Я был изолирован в своей кабине над залом, где проходил международный конгресс по туризму – такой же далекий для меня, как жизни отдельных людей для космонавта, видящего из своей капсулы лишь синие пятна континентов. Я чувствовал себя более незаметным и отчужденным, чем когда бы то ни было, потому что в тот день был мертв и переводил, будто печатая на машинке, не глядя на клавиатуру и бумагу. Пока мой голос дублировал другой, мои глаза выбирали вдалеке женщин: размытые черты ассистенток, темные или белокурые шевелюры, блестящие под лампами, профили, дорисованные воображением, скрещенные ноги. Я искал и выбирал без желания и, слыша в наушниках женский голос, пытался угадать, какому лицу он принадлежал. Потом, во время перерыва, бродил по коридорам и вестибюлю, и голова кружилась от бесконечного разнообразия и в то же время одинаковости лиц, которую они всегда приобретают в зданиях международных организаций. Я обращал внимание на всех, особенно на женщин: дам в деловых костюмах, с кожаными портфелями и начесанными волосами, высоких белых скандинавок, индианок с красным кружочком на лбу и плеером, прикрепленным к поясу сари, южноамериканок с низкими бедрами и широкими скулами, длинноногих ассистенток в темных колготках, с платками на шее и в туфлях на шпильках, говоривших со снисходительным носовым произношением квартала Сала-манка, широкоплечих женщин-фотографов, с презрительным выражением лица и сигаретой во рту.
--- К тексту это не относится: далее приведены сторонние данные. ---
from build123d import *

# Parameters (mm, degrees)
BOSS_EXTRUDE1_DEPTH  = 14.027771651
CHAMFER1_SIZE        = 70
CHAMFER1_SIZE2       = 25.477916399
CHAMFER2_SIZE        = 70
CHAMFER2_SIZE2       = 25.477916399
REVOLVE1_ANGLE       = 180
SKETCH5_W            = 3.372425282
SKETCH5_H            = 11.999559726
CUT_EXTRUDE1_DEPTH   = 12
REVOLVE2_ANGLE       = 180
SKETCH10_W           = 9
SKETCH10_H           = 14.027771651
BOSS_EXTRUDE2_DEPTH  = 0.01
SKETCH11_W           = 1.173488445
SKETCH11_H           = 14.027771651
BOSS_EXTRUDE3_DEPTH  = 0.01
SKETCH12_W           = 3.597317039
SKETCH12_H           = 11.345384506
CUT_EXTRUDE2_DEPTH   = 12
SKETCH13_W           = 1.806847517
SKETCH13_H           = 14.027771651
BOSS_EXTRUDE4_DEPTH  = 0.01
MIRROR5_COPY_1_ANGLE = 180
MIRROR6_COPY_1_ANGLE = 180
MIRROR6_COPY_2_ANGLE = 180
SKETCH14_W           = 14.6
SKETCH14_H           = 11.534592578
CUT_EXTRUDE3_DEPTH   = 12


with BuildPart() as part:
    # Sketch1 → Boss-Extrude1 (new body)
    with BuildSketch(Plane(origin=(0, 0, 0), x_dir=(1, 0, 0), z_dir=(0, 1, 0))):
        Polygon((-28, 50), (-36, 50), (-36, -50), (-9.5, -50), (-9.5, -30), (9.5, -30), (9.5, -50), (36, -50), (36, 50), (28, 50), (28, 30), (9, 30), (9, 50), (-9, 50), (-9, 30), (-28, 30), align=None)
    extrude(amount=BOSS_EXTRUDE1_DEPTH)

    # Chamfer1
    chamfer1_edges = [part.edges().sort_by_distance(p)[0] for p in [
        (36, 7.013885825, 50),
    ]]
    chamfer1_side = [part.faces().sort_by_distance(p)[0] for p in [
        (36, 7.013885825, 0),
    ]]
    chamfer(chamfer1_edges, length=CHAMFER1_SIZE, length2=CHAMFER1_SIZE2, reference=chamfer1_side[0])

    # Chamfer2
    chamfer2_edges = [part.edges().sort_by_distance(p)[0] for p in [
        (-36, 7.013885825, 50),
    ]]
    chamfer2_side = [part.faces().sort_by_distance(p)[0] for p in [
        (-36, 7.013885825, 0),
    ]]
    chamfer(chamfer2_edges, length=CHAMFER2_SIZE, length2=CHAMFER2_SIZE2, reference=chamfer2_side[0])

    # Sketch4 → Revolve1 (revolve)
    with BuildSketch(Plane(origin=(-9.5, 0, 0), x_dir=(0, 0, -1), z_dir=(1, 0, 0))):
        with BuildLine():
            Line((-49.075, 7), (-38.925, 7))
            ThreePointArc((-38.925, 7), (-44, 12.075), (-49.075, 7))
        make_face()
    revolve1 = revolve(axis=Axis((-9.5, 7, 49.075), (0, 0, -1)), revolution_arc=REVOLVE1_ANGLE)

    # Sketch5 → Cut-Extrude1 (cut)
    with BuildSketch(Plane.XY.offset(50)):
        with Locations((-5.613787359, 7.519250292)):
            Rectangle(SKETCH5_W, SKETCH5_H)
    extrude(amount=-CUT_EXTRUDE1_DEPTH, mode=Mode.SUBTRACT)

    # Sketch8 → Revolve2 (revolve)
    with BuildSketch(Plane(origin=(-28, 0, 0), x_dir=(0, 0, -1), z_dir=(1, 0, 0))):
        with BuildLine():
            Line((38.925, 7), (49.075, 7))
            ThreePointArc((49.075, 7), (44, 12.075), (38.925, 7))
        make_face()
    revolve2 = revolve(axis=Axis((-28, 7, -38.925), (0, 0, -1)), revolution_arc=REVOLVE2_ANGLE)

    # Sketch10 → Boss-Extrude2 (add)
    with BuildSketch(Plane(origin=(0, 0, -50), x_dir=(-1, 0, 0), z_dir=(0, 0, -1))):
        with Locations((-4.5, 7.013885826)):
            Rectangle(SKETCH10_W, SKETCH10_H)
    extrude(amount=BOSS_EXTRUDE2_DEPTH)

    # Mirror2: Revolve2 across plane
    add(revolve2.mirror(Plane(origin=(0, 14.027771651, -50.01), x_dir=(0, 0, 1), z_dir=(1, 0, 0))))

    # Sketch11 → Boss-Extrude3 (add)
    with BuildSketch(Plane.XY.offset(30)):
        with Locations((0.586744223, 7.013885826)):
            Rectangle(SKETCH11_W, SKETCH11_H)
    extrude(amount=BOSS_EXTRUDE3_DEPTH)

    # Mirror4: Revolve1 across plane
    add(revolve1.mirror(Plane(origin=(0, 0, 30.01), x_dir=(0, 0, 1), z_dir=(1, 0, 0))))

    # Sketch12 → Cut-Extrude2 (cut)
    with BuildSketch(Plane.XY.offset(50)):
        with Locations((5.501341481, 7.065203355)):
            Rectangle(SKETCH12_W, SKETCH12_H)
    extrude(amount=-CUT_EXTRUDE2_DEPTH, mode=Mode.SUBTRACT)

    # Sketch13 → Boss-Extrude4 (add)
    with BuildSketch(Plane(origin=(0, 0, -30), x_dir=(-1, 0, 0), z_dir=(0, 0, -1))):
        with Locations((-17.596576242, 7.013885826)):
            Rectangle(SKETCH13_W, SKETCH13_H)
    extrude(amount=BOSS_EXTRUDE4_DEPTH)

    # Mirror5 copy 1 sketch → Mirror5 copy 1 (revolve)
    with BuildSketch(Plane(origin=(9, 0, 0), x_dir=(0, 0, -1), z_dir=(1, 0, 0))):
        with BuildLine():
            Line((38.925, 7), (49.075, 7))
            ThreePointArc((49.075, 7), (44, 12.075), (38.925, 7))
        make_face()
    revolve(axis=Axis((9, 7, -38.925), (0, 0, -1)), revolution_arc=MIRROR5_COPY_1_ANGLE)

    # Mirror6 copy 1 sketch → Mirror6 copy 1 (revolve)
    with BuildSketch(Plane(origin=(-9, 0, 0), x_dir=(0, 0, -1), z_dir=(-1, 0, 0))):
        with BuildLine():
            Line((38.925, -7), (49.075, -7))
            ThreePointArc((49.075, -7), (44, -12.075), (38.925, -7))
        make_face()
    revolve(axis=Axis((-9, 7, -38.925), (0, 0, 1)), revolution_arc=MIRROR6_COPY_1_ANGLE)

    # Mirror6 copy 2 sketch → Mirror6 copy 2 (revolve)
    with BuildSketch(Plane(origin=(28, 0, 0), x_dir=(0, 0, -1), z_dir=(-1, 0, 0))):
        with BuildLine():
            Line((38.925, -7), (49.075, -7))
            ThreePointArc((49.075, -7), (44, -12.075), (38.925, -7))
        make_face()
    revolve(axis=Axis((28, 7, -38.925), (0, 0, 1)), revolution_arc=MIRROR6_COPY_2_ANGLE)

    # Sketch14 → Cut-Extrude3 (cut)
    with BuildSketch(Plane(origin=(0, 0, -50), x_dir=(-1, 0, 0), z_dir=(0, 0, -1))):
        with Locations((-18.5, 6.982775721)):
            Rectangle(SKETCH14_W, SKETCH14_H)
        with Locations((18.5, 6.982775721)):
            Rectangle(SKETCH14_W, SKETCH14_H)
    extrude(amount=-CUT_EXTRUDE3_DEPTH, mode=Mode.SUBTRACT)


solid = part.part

Я смотрел на всех женщин, а они проходили мимо, не замечая меня или лишь на секунду задерживая на мне взгляд. Наверное, это единственно, в чем я неутомимо упорствовал всю свою жизнь: смотреть на женщин, вдыхать аромат их духов, наблюдать, как они одеты или обуты, как держат бокалы или сигареты, как кладут ногу на ногу или облокачиваются на барную стойку, в какой цвет выкрашены их ногти или волосы. Я смотрю на женщин, сидящих рядом со мной в автобусе, врывающихся за секунду до того, как водитель закрыл дверь и отъехал от остановки, женщин, проходящих мимо по тротуару, улыбающихся с цветных обложек журналов и рекламных снимков, спешащих рано утром к лифтам офисов, лениво глядящих в окно такси, остановившегося рядом с моим на светофоре. Женщин, влезающих босиком на витрину магазина, чтобы заменить одежду на манекене, и улыбающихся мне, когда я поднимаюсь по трапу в самолет, как будто они действительно рады меня видеть.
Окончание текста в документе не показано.